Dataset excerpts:
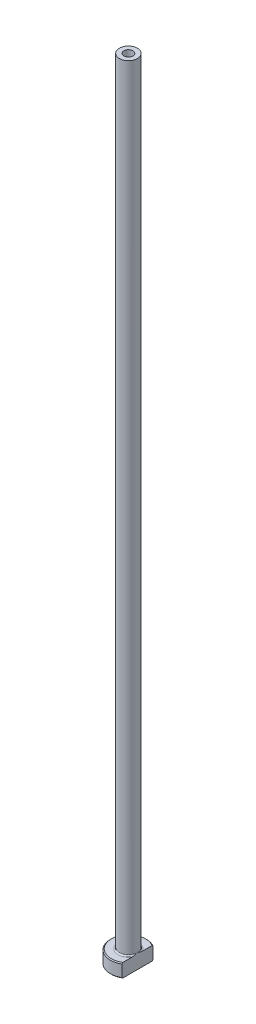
ISO-10303-21;
HEADER;
FILE_DESCRIPTION(('STEP AP214'),'2;1');
FILE_NAME('part.step','',(''),(''),'','','');
FILE_SCHEMA(('AUTOMOTIVE_DESIGN { 1 0 10303 214 1 1 1 1 }'));
ENDSEC;
DATA;
#1=APPLICATION_CONTEXT('core data for automotive mechanical design processes');
#2=APPLICATION_PROTOCOL_DEFINITION('international standard','automotive_design',2000,#1);
#3=PRODUCT_CONTEXT('',#1,'mechanical');
#4=PRODUCT('Part','Part','',(#3));
#5=PRODUCT_RELATED_PRODUCT_CATEGORY('part','',(#4));
#6=PRODUCT_DEFINITION_FORMATION('','',#4);
#7=PRODUCT_DEFINITION_CONTEXT('part definition',#1,'design');
#8=PRODUCT_DEFINITION('design','',#6,#7);
#9=PRODUCT_DEFINITION_SHAPE('','',#8);
#10=(LENGTH_UNIT() NAMED_UNIT(*) SI_UNIT(.MILLI.,.METRE.));
#11=(NAMED_UNIT(*) PLANE_ANGLE_UNIT() SI_UNIT($,.RADIAN.));
#12=(NAMED_UNIT(*) SI_UNIT($,.STERADIAN.) SOLID_ANGLE_UNIT());
#13=UNCERTAINTY_MEASURE_WITH_UNIT(LENGTH_MEASURE(1.E-05),#10,'distance_accuracy_value','');
#14=(GEOMETRIC_REPRESENTATION_CONTEXT(3) GLOBAL_UNCERTAINTY_ASSIGNED_CONTEXT((#13)) GLOBAL_UNIT_ASSIGNED_CONTEXT((#10,
#11,#12)) REPRESENTATION_CONTEXT('',''));
#15=CARTESIAN_POINT('',(0.,0.,0.));
#16=DIRECTION('',(0.,0.,1.));
#17=DIRECTION('',(1.,0.,0.));
#18=AXIS2_PLACEMENT_3D('',#15,#16,#17);
#19=CARTESIAN_POINT('',(0.,92.1876809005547,0.));
#20=DIRECTION('',(0.,1.,0.));
#21=DIRECTION('',(0.,0.,1.));
#22=AXIS2_PLACEMENT_3D('',#19,#20,#21);
#23=CYLINDRICAL_SURFACE('',#22,1.);
#24=CARTESIAN_POINT('',(0.,175.,0.));
#25=DIRECTION('',(0.,1.,0.));
#26=DIRECTION('',(0.,0.,1.));
#27=AXIS2_PLACEMENT_3D('',#24,#25,#26);
#28=CIRCLE('',#27,1.);
#29=CARTESIAN_POINT('',(0.,175.,1.));
#30=VERTEX_POINT('',#29);
#31=EDGE_CURVE('E167',#30,#30,#28,.T.);
#32=ORIENTED_EDGE('',*,*,#31,.T.);
#33=EDGE_LOOP('',(#32));
#34=FACE_BOUND('',#33,.T.);
#35=CARTESIAN_POINT('',(0.,140.,0.));
#36=DIRECTION('',(0.,1.,0.));
#37=DIRECTION('',(0.,0.,1.));
#38=AXIS2_PLACEMENT_3D('',#35,#36,#37);
#39=CIRCLE('',#38,1.);
#40=CARTESIAN_POINT('',(0.,140.,1.));
#41=VERTEX_POINT('',#40);
#42=EDGE_CURVE('E170',#41,#41,#39,.T.);
#43=ORIENTED_EDGE('',*,*,#42,.F.);
#44=EDGE_LOOP('',(#43));
#45=FACE_BOUND('',#44,.T.);
#46=ADVANCED_FACE('F32',(#34,#45),#23,.F.);
#47=CARTESIAN_POINT('',(-1.,175.,0.));
#48=DIRECTION('',(0.,1.,0.));
#49=DIRECTION('',(0.,0.,1.));
#50=AXIS2_PLACEMENT_3D('',#47,#48,#49);
#51=PLANE('',#50);
#52=CARTESIAN_POINT('',(0.,175.,0.));
#53=DIRECTION('',(0.,1.,0.));
#54=DIRECTION('',(0.,0.,1.));
#55=AXIS2_PLACEMENT_3D('',#52,#53,#54);
#56=CIRCLE('',#55,2.00000000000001);
#57=CARTESIAN_POINT('',(0.,175.,2.00000000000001));
#58=VERTEX_POINT('',#57);
#59=EDGE_CURVE('E174',#58,#58,#56,.T.);
#60=ORIENTED_EDGE('',*,*,#59,.T.);
#61=EDGE_LOOP('',(#60));
#62=FACE_BOUND('',#61,.T.);
#63=ORIENTED_EDGE('',*,*,#31,.F.);
#64=EDGE_LOOP('',(#63));
#65=FACE_BOUND('',#64,.T.);
#66=ADVANCED_FACE('F157',(#62,#65),#51,.T.);
#67=CARTESIAN_POINT('',(0.,92.1876809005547,0.));
#68=DIRECTION('',(0.,1.,0.));
#69=DIRECTION('',(0.,0.,1.));
#70=AXIS2_PLACEMENT_3D('',#67,#68,#69);
#71=CYLINDRICAL_SURFACE('',#70,2.);
#72=CARTESIAN_POINT('',(0.,3.3,0.));
#73=DIRECTION('',(0.,1.,0.));
#74=DIRECTION('',(0.,0.,1.));
#75=AXIS2_PLACEMENT_3D('',#72,#73,#74);
#76=CIRCLE('',#75,2.);
#77=CARTESIAN_POINT('',(2.,3.3,0.));
#78=VERTEX_POINT('',#77);
#79=EDGE_CURVE('E180',#78,#78,#76,.T.);
#80=ORIENTED_EDGE('',*,*,#79,.T.);
#81=EDGE_LOOP('',(#80));
#82=FACE_BOUND('',#81,.T.);
#83=ORIENTED_EDGE('',*,*,#59,.F.);
#84=EDGE_LOOP('',(#83));
#85=FACE_BOUND('',#84,.T.);
#86=ADVANCED_FACE('F162',(#82,#85),#71,.T.);
#87=CARTESIAN_POINT('',(-1.99999999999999,3.,0.));
#88=DIRECTION('',(0.,1.,0.));
#89=DIRECTION('',(0.,0.,1.));
#90=AXIS2_PLACEMENT_3D('',#87,#88,#89);
#91=PLANE('',#90);
#92=DIRECTION('',(0.,0.,1.));
#93=VECTOR('',#92,1.);
#94=CARTESIAN_POINT('',(2.,3.,0.));
#95=LINE('',#94,#93);
#96=CARTESIAN_POINT('',(2.,3.,-3.23109888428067));
#97=VERTEX_POINT('',#96);
#98=CARTESIAN_POINT('',(2.,3.,-1.13578166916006));
#99=VERTEX_POINT('',#98);
#100=EDGE_CURVE('E54',#97,#99,#95,.T.);
#101=ORIENTED_EDGE('',*,*,#100,.F.);
#102=CARTESIAN_POINT('',(0.,3.,0.));
#103=DIRECTION('',(0.,1.,0.));
#104=DIRECTION('',(0.,0.,1.));
#105=AXIS2_PLACEMENT_3D('',#102,#103,#104);
#106=CIRCLE('',#105,3.79999999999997);
#107=CARTESIAN_POINT('',(1.99999999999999,2.99999999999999,3.23109888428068));
#108=VERTEX_POINT('',#107);
#109=EDGE_CURVE('E186',#97,#108,#106,.T.);
#110=ORIENTED_EDGE('',*,*,#109,.T.);
#111=CARTESIAN_POINT('',(2.,3.,1.13578166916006));
#112=VERTEX_POINT('',#111);
#113=EDGE_CURVE('E134',#112,#108,#95,.T.);
#114=ORIENTED_EDGE('',*,*,#113,.F.);
#115=CARTESIAN_POINT('',(0.,3.,0.));
#116=DIRECTION('',(0.,1.,0.));
#117=DIRECTION('',(0.,0.,1.));
#118=AXIS2_PLACEMENT_3D('',#115,#116,#117);
#119=CIRCLE('',#118,2.3);
#120=EDGE_CURVE('E183',#112,#99,#119,.F.);
#121=ORIENTED_EDGE('',*,*,#120,.T.);
#122=EDGE_LOOP('',(#101,#110,#114,#121));
#123=FACE_BOUND('',#122,.T.);
#124=ADVANCED_FACE('F197',(#123),#91,.T.);
#125=CARTESIAN_POINT('',(0.,92.1876809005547,0.));
#126=DIRECTION('',(0.,1.,0.));
#127=DIRECTION('',(0.,0.,1.));
#128=AXIS2_PLACEMENT_3D('',#125,#126,#127);
#129=CYLINDRICAL_SURFACE('',#128,3.99999999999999);
#130=DIRECTION('',(0.,-1.,0.));
#131=VECTOR('',#130,1.);
#132=CARTESIAN_POINT('',(1.99999999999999,175.,3.46410161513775));
#133=LINE('',#132,#131);
#134=CARTESIAN_POINT('',(1.99999999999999,2.79999999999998,3.46410161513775));
#135=VERTEX_POINT('',#134);
#136=CARTESIAN_POINT('',(1.99999999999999,0.199999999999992,3.46410161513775));
#137=VERTEX_POINT('',#136);
#138=EDGE_CURVE('E82',#135,#137,#133,.T.);
#139=ORIENTED_EDGE('',*,*,#138,.F.);
#140=CARTESIAN_POINT('',(0.,2.79999999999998,0.));
#141=DIRECTION('',(0.,1.,0.));
#142=DIRECTION('',(0.,0.,1.));
#143=AXIS2_PLACEMENT_3D('',#140,#141,#142);
#144=CIRCLE('',#143,3.99999999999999);
#145=CARTESIAN_POINT('',(2.,2.79999999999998,-3.46410161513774));
#146=VERTEX_POINT('',#145);
#147=EDGE_CURVE('E95',#135,#146,#144,.F.);
#148=ORIENTED_EDGE('',*,*,#147,.T.);
#149=DIRECTION('',(0.,-1.,0.));
#150=VECTOR('',#149,1.);
#151=CARTESIAN_POINT('',(2.,175.,-3.46410161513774));
#152=LINE('',#151,#150);
#153=CARTESIAN_POINT('',(2.,0.199999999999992,-3.46410161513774));
#154=VERTEX_POINT('',#153);
#155=EDGE_CURVE('E192',#146,#154,#152,.T.);
#156=ORIENTED_EDGE('',*,*,#155,.T.);
#157=CARTESIAN_POINT('',(0.,0.199999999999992,0.));
#158=DIRECTION('',(0.,-1.,0.));
#159=DIRECTION('',(0.,0.,-1.));
#160=AXIS2_PLACEMENT_3D('',#157,#158,#159);
#161=CIRCLE('',#160,3.99999999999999);
#162=EDGE_CURVE('E98',#154,#137,#161,.F.);
#163=ORIENTED_EDGE('',*,*,#162,.T.);
#164=EDGE_LOOP('',(#139,#148,#156,#163));
#165=FACE_BOUND('',#164,.T.);
#166=ADVANCED_FACE('F190',(#165),#129,.T.);
#167=CARTESIAN_POINT('',(-3.99999999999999,0.,0.));
#168=DIRECTION('',(0.,-1.,0.));
#169=DIRECTION('',(0.,0.,-1.));
#170=AXIS2_PLACEMENT_3D('',#167,#168,#169);
#171=PLANE('',#170);
#172=CARTESIAN_POINT('',(0.,0.,0.));
#173=DIRECTION('',(0.,-1.,0.));
#174=DIRECTION('',(0.,0.,-1.));
#175=AXIS2_PLACEMENT_3D('',#172,#173,#174);
#176=CIRCLE('',#175,1.74999999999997);
#177=CARTESIAN_POINT('',(0.,0.,-1.74999999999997));
#178=VERTEX_POINT('',#177);
#179=EDGE_CURVE('E40',#178,#178,#176,.F.);
#180=ORIENTED_EDGE('',*,*,#179,.T.);
#181=EDGE_LOOP('',(#180));
#182=FACE_BOUND('',#181,.T.);
#183=DIRECTION('',(0.,0.,-1.));
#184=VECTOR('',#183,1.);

Task prompt: Work out how many lines of the data include the word "VECTOR", and write that number alone.

Result of the task: 4